Seriously, how do I get a wife like that?
Oh, and then there was that $115,000 trip to Paris. Hubby wasn’t there for that one, but Anika still managed to spend $1000 on a dinner for three. They must have ordered the restaurant’s finest food stuffed with its second-finest food.
The Federal Opposition was on the attack all week but I don’t know if their hearts were in the stone throwing, for they know they work in one big glass house.
Hansard shows the conservatives have a particularly rich history in the field of ill-gotten flights.
Before she was Leader of the Opposition, Sussan Ley was in the brown stuff for charging taxpayers for a trip to the Gold Coast during which she coincidentally bought a $795,000 apartment.
Property hijinks on the Goldy thrust Nationals leader David Littleproud into the manure also. He repaid an expense claim after it emerged he left Parliament early in order to fly north and settle on an apartment.
Travel to Queensland was Anthony Albanese’s weakness. In 2018, he used a taxpayer-funded government car to travel to and from a Labor party fundraiser in Brisbane later repaying the cost “out of an abundance of caution”.
Liberal matriarch Bronwyn Bishop was eventually shown the door as speaker of the House after she used a helicopter for personal travel.
Former foreign affairs minister Julie Bishop charged us $2000 so she could attend a polo match.
Mathias Cormann just “happened” to wander into the AFL grand final while on government business in 2013.
Liberals Tony Abbott and George Brandis also came unstuck that year, both claiming flights to attend colleagues’ weddings.
Peter Dutton was always in the gun over his official travel diary, which had a curious ability to align itself with party fundraising events.
The misuse of public funds for personal errands is now explained away as “clerical oversights” or, at worst, “errors of judgment” but it wasn’t always treated so flippantly.

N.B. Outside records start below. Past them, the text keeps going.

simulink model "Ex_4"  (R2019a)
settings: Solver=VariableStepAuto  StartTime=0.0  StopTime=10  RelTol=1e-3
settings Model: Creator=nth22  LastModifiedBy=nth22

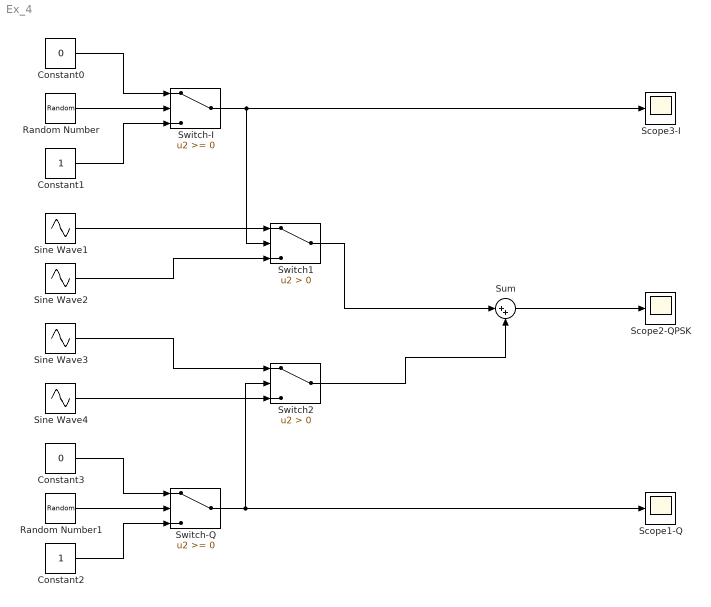
== system Ex_4 ==
  "Constant0 " : Constant  Value=0
  "Constant1 " : Constant
  "Constant2 " : Constant
  "Constant3 " : Constant  Value=0
  "Random Number " : RandomNumber  SampleTime=0.5
  "Random Number1 " : RandomNumber  SampleTime=0.5
  "Scope1-Q " : Scope
  "Scope2-QPSK " : Scope
  "Scope3-I " : Scope
  "Sine Wave1 " : Sin  Frequency=2*pi  SampleTime=0.001
  "Sine Wave2 " : Sin  Frequency=2*pi  Phase=3*pi/2  SampleTime=0.001
  "Sine Wave3 " : Sin  Frequency=2*pi  Phase=pi/2  SampleTime=0.001
  "Sine Wave4 " : Sin  Frequency=2*pi  Phase=pi  SampleTime=0.001  VectorParams1D=off
  Sum : Sum  Inputs=|++
  "Switch-I " : Switch
  Switch-Q : Switch
  "Switch1 " : Switch  Criteria=u2 > Threshold
  "Switch2 " : Switch  Criteria=u2 > Threshold
  wires:
  "Constant3 "/1 -> Switch-Q/1
  "Random Number1 "/1 -> Switch-Q/2
  "Constant2 "/1 -> Switch-Q/3
  "Constant1 "/1 -> "Switch-I "/3
  "Constant0 "/1 -> "Switch-I "/1
  "Random Number "/1 -> "Switch-I "/2
  "Switch-I "/1 -> "Scope3-I "/1, "Switch1 "/2
  Switch-Q/1 -> "Switch2 "/2, "Scope1-Q "/1
  "Sine Wave3 "/1 -> "Switch2 "/1
  "Sine Wave4 "/1 -> "Switch2 "/3
  "Sine Wave2 "/1 -> "Switch1 "/3
  "Sine Wave1 "/1 -> "Switch1 "/1
  Sum/1 -> "Scope2-QPSK "/1
  "Switch2 "/1 -> Sum/2
  "Switch1 "/1 -> Sum/1
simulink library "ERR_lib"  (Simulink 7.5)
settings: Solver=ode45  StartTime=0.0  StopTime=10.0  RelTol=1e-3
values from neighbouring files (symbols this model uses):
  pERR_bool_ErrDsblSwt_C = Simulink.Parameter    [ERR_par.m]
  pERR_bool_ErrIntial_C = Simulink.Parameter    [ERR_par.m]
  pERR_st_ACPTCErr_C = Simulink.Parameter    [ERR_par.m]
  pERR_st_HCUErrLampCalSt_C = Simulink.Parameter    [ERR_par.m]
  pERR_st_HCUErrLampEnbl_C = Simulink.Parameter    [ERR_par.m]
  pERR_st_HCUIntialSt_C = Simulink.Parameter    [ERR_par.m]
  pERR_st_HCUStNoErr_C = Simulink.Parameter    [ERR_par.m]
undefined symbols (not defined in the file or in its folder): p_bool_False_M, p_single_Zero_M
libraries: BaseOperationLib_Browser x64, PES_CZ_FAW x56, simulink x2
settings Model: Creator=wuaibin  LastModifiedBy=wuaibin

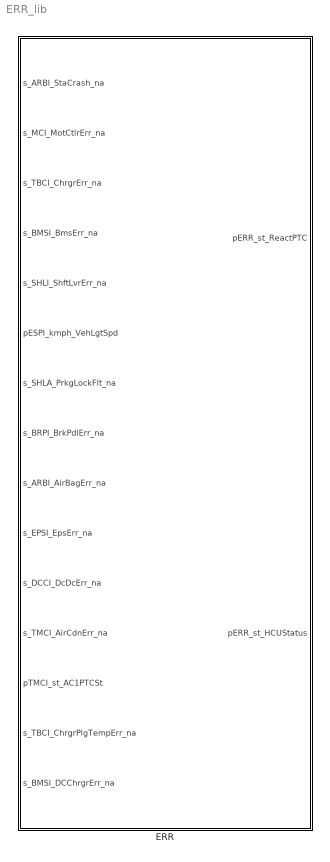
== system ERR_lib ==
  ERR : Subsystem  TreatAsAtomicUnit=on

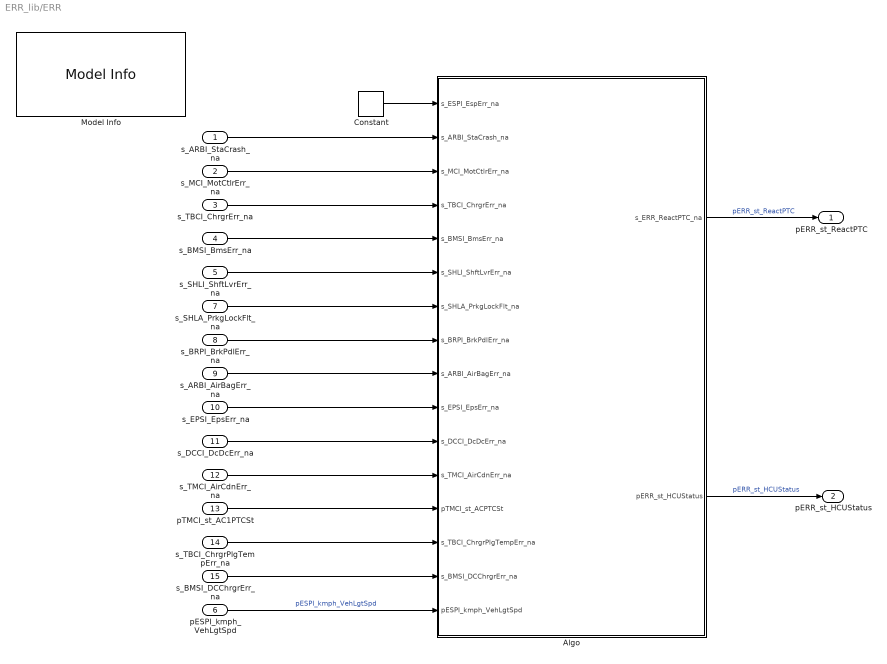
== system ERR_lib/ERR ==
  s_ARBI_StaCrash_na : Inport  PortDimensions=1
  s_MCI_MotCtlrErr_na : Inport  Port=2  PortDimensions=1
  s_TBCI_ChrgrErr_na : Inport  Port=3  PortDimensions=1
  s_BMSI_BmsErr_na : Inport  Port=4  PortDimensions=1
  s_SHLI_ShftLvrErr_na : Inport  Port=5  PortDimensions=1
  pESPI_kmph_VehLgtSpd : Inport  Port=6
  s_SHLA_PrkgLockFlt_na : Inport  Port=7  PortDimensions=1
  s_BRPI_BrkPdlErr_na : Inport  Port=8  PortDimensions=1
  s_ARBI_AirBagErr_na : Inport  Port=9  PortDimensions=1
  s_EPSI_EpsErr_na : Inport  Port=10  PortDimensions=1
  s_DCCI_DcDcErr_na : Inport  Port=11  PortDimensions=1
  s_TMCI_AirCdnErr_na : Inport  Port=12  PortDimensions=1
  pTMCI_st_AC1PTCSt : Inport  Port=13
  s_TBCI_ChrgrPlgTempErr_na : Inport  Port=14
  s_BMSI_DCChrgrErr_na : Inport  Port=15
  Algo : Subsystem
  Constant : BaseOperationLib_Browser/Sources&Sinks/Constant  Value=0  OutMin=[]  OutMax=[]  OutDataTypeMode=uint32  OutDataType=fixdt(1, 16)  ConRadixGroup=Use specified scaling  OutScaling=2^0  OutDataTypeStr=uint32
  Model Info : simulink/Model-Wide Utilities/Model Info  SystemSampleTime=-1  InitialBlockCM=None  BlockCM=None  Frame=on  DisplayStringWithTags=Model Info\nCreated: %<Created>\nCreator: wuaibin  HorizontalTextAlignment=Center  LeftAlignmentValue=0.5  SourceBlockDiagram=HQEV_HCU  TagMaxNumber=20
  pERR_st_ReactPTC : Outport  PortDimensions=1
  pERR_st_HCUStatus : Outport  Port=2
  wires:
  pESPI_kmph_VehLgtSpd/1 -> Algo/16(pESPI_kmph_VehLgtSpd)  "pESPI_kmph_VehLgtSpd"
  Constant/1 -> Algo/1(s_ESPI_EspErr_na)
  s_BMSI_DCChrgrErr_na/1 -> Algo/15(s_BMSI_DCChrgrErr_na)
  s_TBCI_ChrgrPlgTempErr_na/1 -> Algo/14(s_TBCI_ChrgrPlgTempErr_na)
  pTMCI_st_AC1PTCSt/1 -> Algo/13(pTMCI_st_ACPTCSt)
  Algo/2(pERR_st_HCUStatus) -> pERR_st_HCUStatus/1  "pERR_st_HCUStatus"
  s_ARBI_StaCrash_na/1 -> Algo/2(s_ARBI_StaCrash_na)
  s_MCI_MotCtlrErr_na/1 -> Algo/3(s_MCI_MotCtlrErr_na)
  s_TBCI_ChrgrErr_na/1 -> Algo/4(s_TBCI_ChrgrErr_na)
  s_BMSI_BmsErr_na/1 -> Algo/5(s_BMSI_BmsErr_na)
  s_SHLI_ShftLvrErr_na/1 -> Algo/6(s_SHLI_ShftLvrErr_na)
  Algo/1(s_ERR_ReactPTC_na) -> pERR_st_ReactPTC/1  "pERR_st_ReactPTC"
  s_SHLA_PrkgLockFlt_na/1 -> Algo/7(s_SHLA_PrkgLockFlt_na)
  s_BRPI_BrkPdlErr_na/1 -> Algo/8(s_BRPI_BrkPdlErr_na)
  s_ARBI_AirBagErr_na/1 -> Algo/9(s_ARBI_AirBagErr_na)
  s_EPSI_EpsErr_na/1 -> Algo/10(s_EPSI_EpsErr_na)
  s_DCCI_DcDcErr_na/1 -> Algo/11(s_DCCI_DcDcErr_na)
  s_TMCI_AirCdnErr_na/1 -> Algo/12(s_TMCI_AirCdnErr_na)

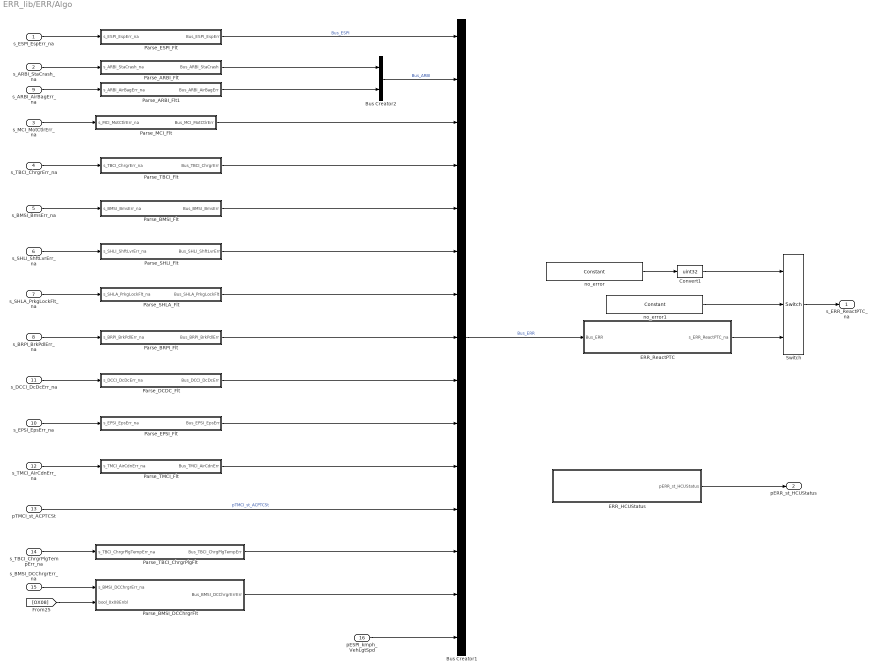
== system ERR_lib/ERR/Algo ==
  s_ESPI_EspErr_na : Inport
  s_ARBI_StaCrash_na : Inport  Port=2
  s_MCI_MotCtlrErr_na : Inport  Port=3
  s_TBCI_ChrgrErr_na : Inport  Port=4
  s_BMSI_BmsErr_na : Inport  Port=5
  s_SHLI_ShftLvrErr_na : Inport  Port=6
  s_SHLA_PrkgLockFlt_na : Inport  Port=7
  s_BRPI_BrkPdlErr_na : Inport  Port=8
  s_ARBI_AirBagErr_na : Inport  Port=9
  s_EPSI_EpsErr_na : Inport  Port=10
  s_DCCI_DcDcErr_na : Inport  Port=11
  s_TMCI_AirCdnErr_na : Inport  Port=12
  pTMCI_st_ACPTCSt : Inport  Port=13
  s_TBCI_ChrgrPlgTempErr_na : Inport  Port=14
  s_BMSI_DCChrgrErr_na : Inport  Port=15
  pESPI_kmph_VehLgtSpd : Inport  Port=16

In 1998, Nationals MP Michael Cobb was given a two-year suspended jail sentence for rorting his travel expenses.
A year later, Liberal senator Bob Woods escaped with an 18-month suspended sentence for claims pertaining to an improper relationship with a staff member.
When political snouts are discovered in the public trough the accompanying headlines usually scream about entitlement. So they should, for the expense claims submitted by Wells and big-spending MPs such as Don Farrell and Fatima Payman were absurd.
They were also legal.
The travel system is so generous because it is designed to make up for the fact MPs are paid so poorly.
On face value a base salary of about $240,000 for a backbencher looks good but divide it by the number of hours worked and politicians are better off flipping burgers at McDonald’s.
And then there’s the issue of what they have to do during those long hours. It’s not all high drama in question time.
Every parent knows how excruciating it is sitting through a two-hour end-of-year school concert just to see your child on stage for three minutes. Imagine going to two dozen of those events when your kid isn’t even at the school!
That’s what politicians around Australia are doing at this time of year in a bid to ingratiate themselves with their electorate. You could double the base salary and I’d still say it’s not worth it.
No politicians will ever move a motion to boost their pay by more than CPI, so they use other entitlements as a subsidy. When a Wells-style scandal erupts they all put the mouth guards in and ride it out because if they lose the perks, the job just isn’t worth it.
If you want to end travel rorts, start paying politicians better.